Please reproduce the entries below exactly, omitting any images they contain.

________

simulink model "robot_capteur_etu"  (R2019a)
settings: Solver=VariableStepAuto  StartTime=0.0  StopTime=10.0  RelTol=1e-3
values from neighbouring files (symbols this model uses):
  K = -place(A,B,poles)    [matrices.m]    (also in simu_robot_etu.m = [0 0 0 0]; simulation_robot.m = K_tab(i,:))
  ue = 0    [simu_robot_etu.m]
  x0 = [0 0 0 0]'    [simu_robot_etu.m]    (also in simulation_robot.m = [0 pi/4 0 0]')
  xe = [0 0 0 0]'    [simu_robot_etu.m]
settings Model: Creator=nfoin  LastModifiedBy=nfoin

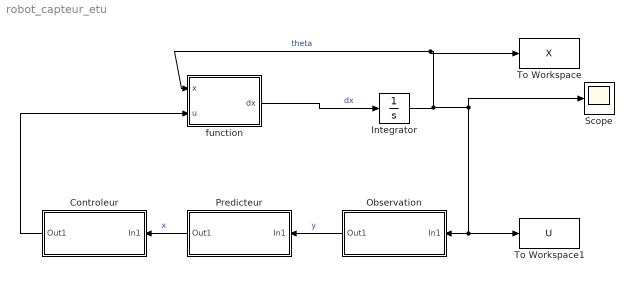
== system robot_capteur_etu ==
  Controleur : Subsystem
  Integrator : Integrator  InitialCondition=x0
  Observation : Subsystem
  Predicteur : Subsystem
  Scope : Scope
  To Workspace : ToWorkspace  VariableName=X  SaveFormat=Timeseries  SampleTime=-1
  To Workspace1 : ToWorkspace  VariableName=U  SaveFormat=Timeseries  SampleTime=-1
  function : MATLAB Function  TreatAsAtomicUnit=on
  wires:
  function/1(dx) -> Integrator/1  "dx"
  Observation/1(Out1) -> Predicteur/1(In1)  "y"
  Predicteur/1(Out1) -> Controleur/1(In1)  "x"
  Controleur/1(Out1) -> function/2(u)
  Integrator/1 -> To Workspace/1, function/1(x), To Workspace1/1, Observation/1(In1), Scope/1  "theta"

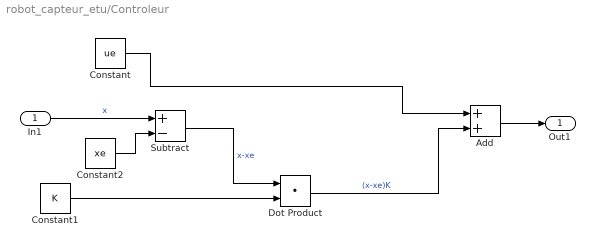
== system robot_capteur_etu/Controleur ==
  In1 : Inport
  Add : Sum
  Constant : Constant  Value=ue
  Constant1 : Constant  Value=K
  Constant2 : Constant  Value=xe
  Dot Product : DotProduct  InputSameDT=on  OutDataTypeStr=Inherit: Inherit via internal rule
  Subtract : Sum  Inputs=+-
  Out1 : Outport
  wires:
  In1/1 -> Subtract/1  "x"
  Constant/1 -> Add/1
  Constant1/1 -> Dot Product/2
  Constant2/1 -> Subtract/2
  Subtract/1 -> Dot Product/1  "x-xe"
  Dot Product/1 -> Add/2  "(x-xe)K"
  Add/1 -> Out1/1

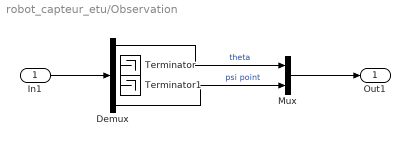
== system robot_capteur_etu/Observation ==
  In1 : Inport
  Demux : Demux
  Mux : Mux  Inputs=2
  Terminator : Terminator
  Terminator1 : Terminator
  Out1 : Outport
  wires:
  In1/1 -> Demux/1
  Mux/1 -> Out1/1
  Demux/1 -> Mux/1  "theta"
  Demux/4 -> Mux/2  "psi point"

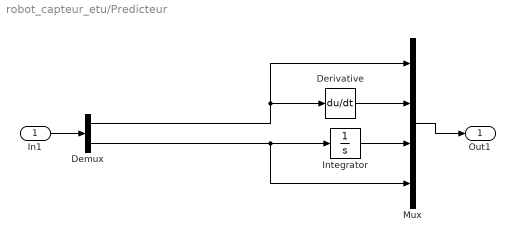
== system robot_capteur_etu/Predicteur ==
  In1 : Inport
  Demux : Demux  Outputs=2
  Derivative : Derivative
  Integrator : Integrator
  Mux : Mux
  Out1 : Outport
  wires:
  In1/1 -> Demux/1
  Mux/1 -> Out1/1
  Demux/1 -> Derivative/1, Mux/1
  Demux/2 -> Integrator/1, Mux/4
  Integrator/1 -> Mux/3
  Derivative/1 -> Mux/2

== matlab function robot_capteur_etu/function ==
  data: x input; u input; dx output
function dx   = fcn( x, u)
%   Dynamic equations of motion of the segway on an axis.
%   Inputs: - x = [theta psi dtheta dpsi]
%               theta: average angle of the wheels      [rad]
%               psi: body pitch angle                   [rad]
%               dtheta: average velocity of the wheels  [rad/s]
%               dpsi: body pitch velocity               [rad/s]
%          - u: DC motor voltage (same value for both motors) [V]

    % State
    size(x)
    psi = x(2);
    dtheta = x(3);
    dpsi = x(4);

    % Parameters
    
    g = 9.81;           % gravity acceleration [m/sec^2]
    m = 0.03;           % wheel weight [kg]
    R = 0.04;           % wheel radius [m]
    Jw = m*R^2/2;       % wheel inertia moment [kg*m^2]
    M = 0.6;            % body weight [kg]
    H = 0.144;          % body height [m]
    L = H/2;            % distance of the center of mass from the wheel axle [m]
    Jpsi = M*L^2/3;     % body pitch inertia [kgm^2]
    Jm = 1e-5;          % DC motor inertia moment [kgm^2]
    Rm = 6.69;          % DC motor resistance [Ohm]
    Kb = 0.468;         % DC motor back EMF constant [Vsec/rad]
    Kt = 0.317;         % DC motor torque constant [Nm/A]
    n = 1;              % gear ratio
    fm = 0.0022;        % friction coefficient between body and DC motor
    fw = 0;             % friction coefficient between wheel and floor
    
    % Equations of motion
    c1 = (2*m+M)*R^2 + 2*Jw + 2*n^2*Jm;
    c2 = M*L*R*cos(psi) - 2*n^2*Jm;
    c3 = -M*L*R*dpsi^2*sin(psi);
    c4 = M*L^2 + Jpsi + 2*n^2*Jm;
    c5 = -M*g*L*sin(psi);

    alpha = Kt/Rm;
    beta = Kt*Kb/Rm + fm;

    Ftheta = alpha*(2*u) - 2*(beta+fw)*dtheta + 2*beta*dpsi;
    Fpsi = -alpha*(2*u) + 2*beta*dtheta - 2*beta*dpsi;

    ddtheta = (c4*c3 - c2*c5 + c4*Ftheta - c2*Fpsi)/(c4*c1 - c2^2);
    ddpsi = (Fpsi- c2*ddtheta - c5)/c4;
    dx = [dtheta dpsi ddtheta ddpsi]';

end

________

» Response to this exercise
simulink model "robot_capteur_etu"  (R2019a)
settings: Solver=VariableStepAuto  StartTime=0.0  StopTime=10.0  RelTol=1e-3
values from neighbouring files (symbols this model uses):
  K = -place(A,B,poles)    [matrices.m]    (also in simu_robot_etu.m = [0 0 0 0]; simulation_robot.m = K_tab(i,:))
  ue = 0    [simu_robot_etu.m]
  x0 = [0 0 0 0]'    [simu_robot_etu.m]    (also in simulation_robot.m = [0 pi/4 0 0]')
  xe = [0 0 0 0]'    [simu_robot_etu.m]
settings Model: Creator=nfoin  LastModifiedBy=nfoin

== system robot_capteur_etu ==
  Controleur : Subsystem
  Integrator : Integrator  InitialCondition=x0
  Observation : Subsystem
  Predicteur : Subsystem
  Scope : Scope
  To Workspace : ToWorkspace  VariableName=X  SaveFormat=Timeseries  SampleTime=-1
  To Workspace1 : ToWorkspace  VariableName=U  SaveFormat=Timeseries  SampleTime=-1
  function : MATLAB Function  TreatAsAtomicUnit=on
  wires:
  function/1(dx) -> Integrator/1  "dx"
  Observation/1(Out1) -> Predicteur/1(In1)  "y"
  Predicteur/1(Out1) -> Controleur/1(In1)  "x"
  Controleur/1(Out1) -> function/2(u)
  Integrator/1 -> To Workspace/1, function/1(x), To Workspace1/1, Observation/1(In1), Scope/1  "theta"

== system robot_capteur_etu/Controleur ==
  In1 : Inport
  Add : Sum
  Constant : Constant  Value=ue
  Constant1 : Constant  Value=K
  Constant2 : Constant  Value=xe
  Dot Product : DotProduct  InputSameDT=on  OutDataTypeStr=Inherit: Inherit via internal rule
  Subtract : Sum  Inputs=+-
  Out1 : Outport
  wires:
  In1/1 -> Subtract/1  "x"
  Constant/1 -> Add/1
  Constant1/1 -> Dot Product/2
  Constant2/1 -> Subtract/2
  Subtract/1 -> Dot Product/1  "x-xe"
  Dot Product/1 -> Add/2  "(x-xe)K"
  Add/1 -> Out1/1

== system robot_capteur_etu/Observation ==
  In1 : Inport
  Demux : Demux
  Mux : Mux  Inputs=2
  Terminator : Terminator
  Terminator1 : Terminator
  Out1 : Outport
  wires:
  In1/1 -> Demux/1
  Mux/1 -> Out1/1
  Demux/1 -> Mux/1  "theta"
  Demux/4 -> Mux/2  "psi point"

== system robot_capteur_etu/Predicteur ==
  In1 : Inport
  Demux : Demux  Outputs=2
  Derivative : Derivative
  Integrator : Integrator
  Mux : Mux
  Out1 : Outport
  wires:
  In1/1 -> Demux/1
  Mux/1 -> Out1/1
  Demux/1 -> Derivative/1, Mux/1
  Demux/2 -> Integrator/1, Mux/4
  Integrator/1 -> Mux/3
  Derivative/1 -> Mux/2

== matlab function robot_capteur_etu/function ==
  data: x input; u input; dx output
function dx   = fcn( x, u)
%   Dynamic equations of motion of the segway on an axis.
%   Inputs: - x = [theta psi dtheta dpsi]
%               theta: average angle of the wheels      [rad]
%               psi: body pitch angle                   [rad]
%               dtheta: average velocity of the wheels  [rad/s]
%               dpsi: body pitch velocity               [rad/s]
%          - u: DC motor voltage (same value for both motors) [V]

    % State
    size(x)
    psi = x(2);
    dtheta = x(3);
    dpsi = x(4);

    % Parameters
    
    g = 9.81;           % gravity acceleration [m/sec^2]
    m = 0.03;           % wheel weight [kg]
    R = 0.04;           % wheel radius [m]
    Jw = m*R^2/2;       % wheel inertia moment [kg*m^2]
    M = 0.6;            % body weight [kg]
    H = 0.144;          % body height [m]
    L = H/2;            % distance of the center of mass from the wheel axle [m]
    Jpsi = M*L^2/3;     % body pitch inertia [kgm^2]
    Jm = 1e-5;          % DC motor inertia moment [kgm^2]
    Rm = 6.69;          % DC motor resistance [Ohm]
    Kb = 0.468;         % DC motor back EMF constant [Vsec/rad]
    Kt = 0.317;         % DC motor torque constant [Nm/A]
    n = 1;              % gear ratio
    fm = 0.0022;        % friction coefficient between body and DC motor
    fw = 0;             % friction coefficient between wheel and floor
    
    % Equations of motion
    c1 = (2*m+M)*R^2 + 2*Jw + 2*n^2*Jm;
    c2 = M*L*R*cos(psi) - 2*n^2*Jm;
    c3 = -M*L*R*dpsi^2*sin(psi);
    c4 = M*L^2 + Jpsi + 2*n^2*Jm;
    c5 = -M*g*L*sin(psi);

    alpha = Kt/Rm;
    beta = Kt*Kb/Rm + fm;

    Ftheta = alpha*(2*u) - 2*(beta+fw)*dtheta + 2*beta*dpsi;
    Fpsi = -alpha*(2*u) + 2*beta*dtheta - 2*beta*dpsi;

    ddtheta = (c4*c3 - c2*c5 + c4*Ftheta - c2*Fpsi)/(c4*c1 - c2^2);
    ddpsi = (Fpsi- c2*ddtheta - c5)/c4;
    dx = [dtheta dpsi ddtheta ddpsi]';

end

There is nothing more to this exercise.